Sorry to come off as rude before  

My current Sony Bravia has features that are more than ample for my needs and this TV isn't meant to be something I will be making the focal point of an entertainment system or really much more than simply watching TV and playing some COD on PS3/Xbox and most likely some light movie watching. I also dont see myself having an array of angles to watch at in my dorm room. Do you have any advice in particular when it comes to non plasma screen televisions? While I do want good picture quality I am unsure of exactly how much color accuracy/contrast issues I would even notice since I have never had a plasma screen television or any absurdly nice LCD's. Perhaps it would be better if I could get some understanding of where my own Sony Bravia KDL-32S5100 falls in those categories and then go from there.


----------



## CJCerny (Jul 12, 2012)

LG 32CS560 would be a good choice.


----------



## mlee49 (Jul 12, 2012)

Samsung makes some Insignia hdtv's, they are usually much cheaper than LG, Panasonic, or Samsung and with very good quality.

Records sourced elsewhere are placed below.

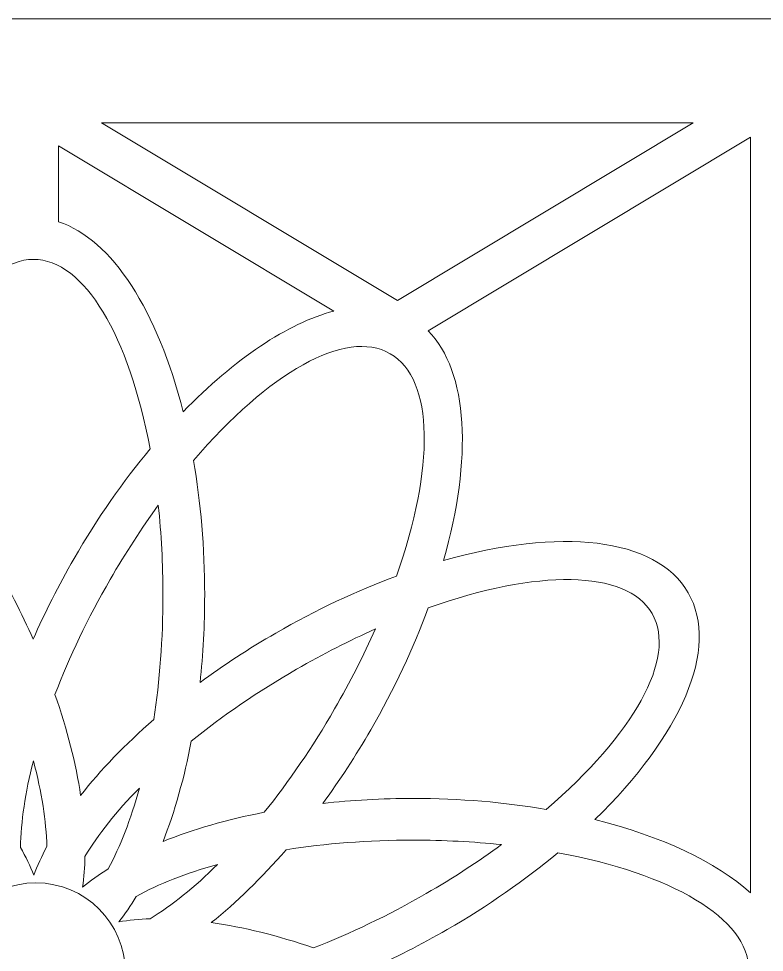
# Model space of a CAD drawing. Header units: centimetres. Extents: x -9.9 to 7.5, y -9.5 to 6.6.
# Drawn here: x -5.761 to -3.492, y 3.712 to 6.554 of the extents above; entities that cross this region are included whole.
import ezdxf

# ---------------------------------------------------------------- set-up
doc = ezdxf.new("R2010")
doc.units = ezdxf.units.CM
doc.header["$MEASUREMENT"] = 0
doc.layers.add('layer 1', color=7, linetype='Continuous')

msp = doc.modelspace()

# ---------------------------------------------------------------- linework, layer by layer
at = {"layer": 'layer 1', "color": 177, "lineweight": 9}
for points, knots in [([(-9.86086, -9.47414), (-9.86086, -9.47414), (-9.86086, 6.55374), (-9.86086, 6.55374), (-9.86086, 6.55374), (-9.86086, 6.55374), (-1.55598, 6.55374), (-1.55598, 6.55374), (-1.55598, 6.55374), (-1.55598, 6.55374), (-1.55598, -9.47414), (-1.55598, -9.47414), (-1.55598, -9.47414), (-1.55598, -9.47414), (-9.86086, -9.47414), (-9.86086, -9.47414)], [0, 0, 0, 0, 0.2, 0.2, 0.2, 0.2, 0.4, 0.4, 0.4, 0.4, 0.6, 0.6, 0.6, 0.6, 1, 1, 1, 1]), ([(-3.70786, 6.23636), (-3.70786, 6.23636), (-4.60833, 5.69579), (-4.60833, 5.69579), (-4.60833, 5.69579), (-4.60833, 5.69579), (-5.50881, 6.23636), (-5.50881, 6.23636), (-5.50881, 6.23636), (-5.50881, 6.23636), (-3.70786, 6.23636), (-3.70786, 6.23636)], [0, 0, 0, 0, 0.25, 0.25, 0.25, 0.25, 0.5, 0.5, 0.5, 0.5, 1, 1, 1, 1]), ([(-3.53375, 3.89273), (-3.53375, 3.89273), (-3.53375, 6.1928), (-3.53375, 6.1928), (-3.53375, 6.1928), (-3.53375, 6.1928), (-4.51493, 5.60378), (-4.51493, 5.60378), (-4.51493, 5.60378), (-4.39222, 5.47962), (-4.37957, 5.21467), (-4.46761, 4.90419), (-4.46761, 4.90419), (-4.11594, 5.00484), (-3.82193, 4.9767), (-3.72351, 4.80623), (-3.72351, 4.80623), (-3.62549, 4.63645), (-3.74674, 4.36927), (-4.0075, 4.11596), (-4.0075, 4.11596), (-3.80409, 4.06513), (-3.63827, 3.98712), (-3.53375, 3.89273)], [0, 0, 0, 0, 0.1428571, 0.1428571, 0.1428571, 0.1428571, 0.2857143, 0.2857143, 0.2857143, 0.2857143, 0.4285714, 0.4285714, 0.4285714, 0.4285714, 0.5714286, 0.5714286, 0.5714286, 0.5714286, 0.7142857, 0.7142857, 0.7142857, 0.7142857, 1, 1, 1, 1]), ([(-5.64003, 6.16705), (-5.64003, 6.16705), (-4.80163, 5.66375), (-4.80163, 5.66375), (-4.80163, 5.66375), (-4.94255, 5.62678), (-5.10408, 5.51825), (-5.26018, 5.35678), (-5.26018, 5.35678), (-5.33746, 5.66288), (-5.47641, 5.88304), (-5.64003, 5.9357), (-5.64003, 5.9357), (-5.64003, 5.9357), (-5.64003, 6.16705), (-5.64003, 6.16705)], [0, 0, 0, 0, 0.2, 0.2, 0.2, 0.2, 0.4, 0.4, 0.4, 0.4, 0.6, 0.6, 0.6, 0.6, 1, 1, 1, 1]), ([(-6.07178, 5.23995), (-5.98915, 5.1409), (-5.90973, 5.02751), (-5.83766, 4.90269), (-5.83766, 4.90269), (-5.79177, 4.82321), (-5.75142, 4.74346), (-5.71664, 4.66474), (-5.71664, 4.66474), (-5.68112, 4.7459), (-5.63961, 4.82822), (-5.59225, 4.91024), (-5.59225, 4.91024), (-5.521, 5.03365), (-5.44256, 5.14588), (-5.36094, 5.24414), (-5.36094, 5.24414), (-5.42476, 5.58546), (-5.55977, 5.8209), (-5.71597, 5.8209), (-5.71597, 5.8209), (-5.87281, 5.8209), (-6.00829, 5.58352), (-6.07178, 5.23995)], [0, 0, 0, 0, 0.1428571, 0.1428571, 0.1428571, 0.1428571, 0.2857143, 0.2857143, 0.2857143, 0.2857143, 0.4285714, 0.4285714, 0.4285714, 0.4285714, 0.5714286, 0.5714286, 0.5714286, 0.5714286, 0.7142857, 0.7142857, 0.7142857, 0.7142857, 1, 1, 1, 1]), ([(-5.22888, 5.20882), (-5.20685, 5.08173), (-5.19476, 4.94382), (-5.19476, 4.79969), (-5.19476, 4.79969), (-5.19476, 4.7079), (-5.19969, 4.61865), (-5.20893, 4.53308), (-5.20893, 4.53308), (-5.13758, 4.58562), (-5.06049, 4.63616), (-4.97845, 4.68352), (-4.97845, 4.68352), (-4.85505, 4.75477), (-4.731, 4.81275), (-4.61118, 4.85703), (-4.61118, 4.85703), (-4.49579, 5.18452), (-4.49499, 5.45593), (-4.63027, 5.53404), (-4.63027, 5.53404), (-4.7661, 5.61246), (-5.00211, 5.47462), (-5.22888, 5.20882)], [0, 0, 0, 0, 0.1428571, 0.1428571, 0.1428571, 0.1428571, 0.2857143, 0.2857143, 0.2857143, 0.2857143, 0.4285714, 0.4285714, 0.4285714, 0.4285714, 0.5714286, 0.5714286, 0.5714286, 0.5714286, 0.7142857, 0.7142857, 0.7142857, 0.7142857, 1, 1, 1, 1]), ([(-5.65037, 4.49707), (-5.61288, 4.38935), (-5.58672, 4.28555), (-5.57221, 4.18931), (-5.57221, 4.18931), (-5.51174, 4.26651), (-5.43688, 4.34456), (-5.34985, 4.42035), (-5.34985, 4.42035), (-5.33171, 4.53764), (-5.32172, 4.66564), (-5.32172, 4.79969), (-5.32172, 4.79969), (-5.32172, 4.8942), (-5.3267, 4.98569), (-5.33598, 5.07256), (-5.33598, 5.07256), (-5.38659, 5.0029), (-5.43581, 4.92731), (-5.48231, 4.84677), (-5.48231, 4.84677), (-5.55077, 4.72818), (-5.60705, 4.60985), (-5.65037, 4.49707)], [0, 0, 0, 0, 0.1428571, 0.1428571, 0.1428571, 0.1428571, 0.2857143, 0.2857143, 0.2857143, 0.2857143, 0.4285714, 0.4285714, 0.4285714, 0.4285714, 0.5714286, 0.5714286, 0.5714286, 0.5714286, 0.7142857, 0.7142857, 0.7142857, 0.7142857, 1, 1, 1, 1]), ([(-4.51448, 4.76041), (-4.55894, 4.63933), (-4.61743, 4.51385), (-4.68949, 4.38903), (-4.68949, 4.38903), (-4.73539, 4.30955), (-4.78428, 4.23471), (-4.83506, 4.16523), (-4.83506, 4.16523), (-4.74701, 4.17505), (-4.65497, 4.18028), (-4.56025, 4.18028), (-4.56025, 4.18028), (-4.41775, 4.18028), (-4.28133, 4.16846), (-4.15542, 4.1469), (-4.15542, 4.1469), (-3.89175, 4.37283), (-3.75535, 4.60747), (-3.83345, 4.74275), (-3.83345, 4.74275), (-3.91187, 4.87858), (-4.18518, 4.87721), (-4.51448, 4.76041)], [0, 0, 0, 0, 0.1428571, 0.1428571, 0.1428571, 0.1428571, 0.2857143, 0.2857143, 0.2857143, 0.2857143, 0.4285714, 0.4285714, 0.4285714, 0.4285714, 0.5714286, 0.5714286, 0.5714286, 0.5714286, 0.7142857, 0.7142857, 0.7142857, 0.7142857, 1, 1, 1, 1]), ([(-5.23537, 4.35476), (-5.25676, 4.24274), (-5.286, 4.13976), (-5.32156, 4.04917), (-5.32156, 4.04917), (-5.23059, 4.08578), (-5.12673, 4.11594), (-5.01347, 4.13806), (-5.01347, 4.13806), (-4.93912, 4.23057), (-4.86646, 4.33642), (-4.79944, 4.45251), (-4.79944, 4.45251), (-4.75218, 4.53436), (-4.71075, 4.61609), (-4.67536, 4.69596), (-4.67536, 4.69596), (-4.75401, 4.66094), (-4.83443, 4.62008), (-4.91498, 4.57358), (-4.91498, 4.57358), (-5.03356, 4.50511), (-5.14147, 4.43077), (-5.23537, 4.35476)], [0, 0, 0, 0, 0.1428571, 0.1428571, 0.1428571, 0.1428571, 0.2857143, 0.2857143, 0.2857143, 0.2857143, 0.4285714, 0.4285714, 0.4285714, 0.4285714, 0.5714286, 0.5714286, 0.5714286, 0.5714286, 0.7142857, 0.7142857, 0.7142857, 0.7142857, 1, 1, 1, 1]), ([(-5.75507, 4.03126), (-5.73928, 4.00265), (-5.72577, 3.97446), (-5.71473, 3.94685), (-5.71473, 3.94685), (-5.70407, 3.97526), (-5.69078, 4.00433), (-5.675, 4.03387), (-5.675, 4.03387), (-5.67691, 4.1106), (-5.69077, 4.19876), (-5.71594, 4.29424), (-5.71594, 4.29424), (-5.74096, 4.19743), (-5.75422, 4.10834), (-5.75507, 4.03126)], [0, 0, 0, 0, 0.2, 0.2, 0.2, 0.2, 0.4, 0.4, 0.4, 0.4, 0.6, 0.6, 0.6, 0.6, 1, 1, 1, 1]), ([(-5.55895, 4.0037), (-5.55957, 3.97105), (-5.56198, 3.93989), (-5.56621, 3.91047), (-5.56621, 3.91047), (-5.54277, 3.92975), (-5.51672, 3.94828), (-5.48828, 3.96597), (-5.48828, 3.96597), (-5.45157, 4.03337), (-5.41951, 4.11663), (-5.39357, 4.21189), (-5.39357, 4.21189), (-5.46364, 4.14056), (-5.51968, 4.07003), (-5.55895, 4.0037)], [0, 0, 0, 0, 0.2, 0.2, 0.2, 0.2, 0.4, 0.4, 0.4, 0.4, 0.6, 0.6, 0.6, 0.6, 1, 1, 1, 1]), ([(-4.94713, 4.02401), (-5.02166, 3.9377), (-5.09847, 3.86314), (-5.17456, 3.80247), (-5.17456, 3.80247), (-5.07747, 3.78868), (-4.97245, 3.76288), (-4.8633, 3.7254), (-4.8633, 3.7254), (-4.75266, 3.76834), (-4.63681, 3.82369), (-4.52072, 3.89071), (-4.52072, 3.89071), (-4.43887, 3.93796), (-4.36213, 3.98802), (-4.29154, 4.0395), (-4.29154, 4.0395), (-4.37717, 4.0485), (-4.46724, 4.05333), (-4.56025, 4.05333), (-4.56025, 4.05333), (-4.69718, 4.05333), (-4.8278, 4.0429), (-4.94713, 4.02401)], [0, 0, 0, 0, 0.1428571, 0.1428571, 0.1428571, 0.1428571, 0.2857143, 0.2857143, 0.2857143, 0.2857143, 0.4285714, 0.4285714, 0.4285714, 0.4285714, 0.5714286, 0.5714286, 0.5714286, 0.5714286, 0.7142857, 0.7142857, 0.7142857, 0.7142857, 1, 1, 1, 1]), ([(-4.11998, 4.01488), (-4.21904, 3.93225), (-4.33243, 3.85283), (-4.45725, 3.78076), (-4.45725, 3.78076), (-4.53674, 3.73487), (-4.6165, 3.69451), (-4.69522, 3.65973), (-4.69522, 3.65973), (-4.61405, 3.62421), (-4.53173, 3.58272), (-4.44969, 3.53536), (-4.44969, 3.53536), (-4.32628, 3.4641), (-4.21405, 3.38566), (-4.11579, 3.30404), (-4.11579, 3.30404), (-3.77448, 3.36786), (-3.53903, 3.50287), (-3.53903, 3.65907), (-3.53903, 3.65907), (-3.53903, 3.81591), (-3.77641, 3.95139), (-4.11998, 4.01488)], [0, 0, 0, 0, 0.1428571, 0.1428571, 0.1428571, 0.1428571, 0.2857143, 0.2857143, 0.2857143, 0.2857143, 0.4285714, 0.4285714, 0.4285714, 0.4285714, 0.5714286, 0.5714286, 0.5714286, 0.5714286, 0.7142857, 0.7142857, 0.7142857, 0.7142857, 1, 1, 1, 1]), ([(-5.40288, 3.88179), (-5.41975, 3.85382), (-5.43741, 3.82804), (-5.45578, 3.80467), (-5.45578, 3.80467), (-5.42585, 3.80965), (-5.39402, 3.81267), (-5.36055, 3.81377), (-5.36055, 3.81377), (-5.29506, 3.85379), (-5.22565, 3.90986), (-5.15556, 3.9794), (-5.15556, 3.9794), (-5.25191, 3.95265), (-5.33571, 3.91959), (-5.40288, 3.88179)], [0, 0, 0, 0, 0.2, 0.2, 0.2, 0.2, 0.4, 0.4, 0.4, 0.4, 0.6, 0.6, 0.6, 0.6, 1, 1, 1, 1]), ([(-5.98014, 3.65152), (-5.98014, 3.80156), (-5.85846, 3.92324), (-5.70842, 3.92324), (-5.70842, 3.92324), (-5.55838, 3.92324), (-5.4367, 3.80156), (-5.4367, 3.65152), (-5.4367, 3.65152), (-5.4367, 3.50148), (-5.55838, 3.3798), (-5.70842, 3.3798), (-5.70842, 3.3798), (-5.85846, 3.3798), (-5.98014, 3.50148), (-5.98014, 3.65152)], [0, 0, 0, 0, 0.2, 0.2, 0.2, 0.2, 0.4, 0.4, 0.4, 0.4, 0.6, 0.6, 0.6, 0.6, 1, 1, 1, 1])]:
    msp.add_open_spline(points, degree=3, knots=knots, dxfattribs=at)

doc.saveas('drawing.dxf')

Here's a $400 40" Samsung on Amazon:

http://www.amazon.com/dp/B001U3Y8PO/?tag=tec06d-20

It's an older model and refurbished but it's still a great 1080 HDTV.


----------



## BumbleBee (Jul 12, 2012)

home theater enthusiast don't bother with televisions at this price point and journalist don't really cover them either. they may not even have televisions at this price point on display at your local retailers. I can't recommend one over the other.

http://www.televisioninfo.com/content/Sony-KDL-40S5100-LCD-HDTV-Review-1140.htm


----------



## TheoneandonlyMrK (Jul 12, 2012)

Darkleoco said:


> My current Sony Bravia



ive a similar telly ,maybe the same, is yours limited to 1080i , if it is then its Native(real) pixel density is 1366x768 , i recently got a hanns G 23" 1080P monitor and i only play fifa and dirt on the sony now and i thought it was good, it also goes easy on graphics cards as now mine do see lower frame rates(see rig listed) on the higher resolution(native) hanns G

plus the sony does not like doing even 1080i in dx11 on some games , Gta4 and crysis2 for eg, locks to 720p .


----------



## Darkleoco (Jul 12, 2012)

theoneandonlymrk said:


> ive a similar telly ,maybe the same, is yours limited to 1080i , if it is then its Native(real) pixel density is 1366x768 , i recently got a hanns G 23" 1080P monitor and i only play fifa and dirt on the sony now and i thought it was good, it also goes easy on graphics cards as now mine do see lower frame rates(see rig listed) on the higher resolution(native) hanns G
> 
> plus the sony does not like doing even 1080i in dx11 on some games , Gta4 and crysis2 for eg, locks to 720p .



No sorry mine is 1080p native so i dont know about any of those problems


----------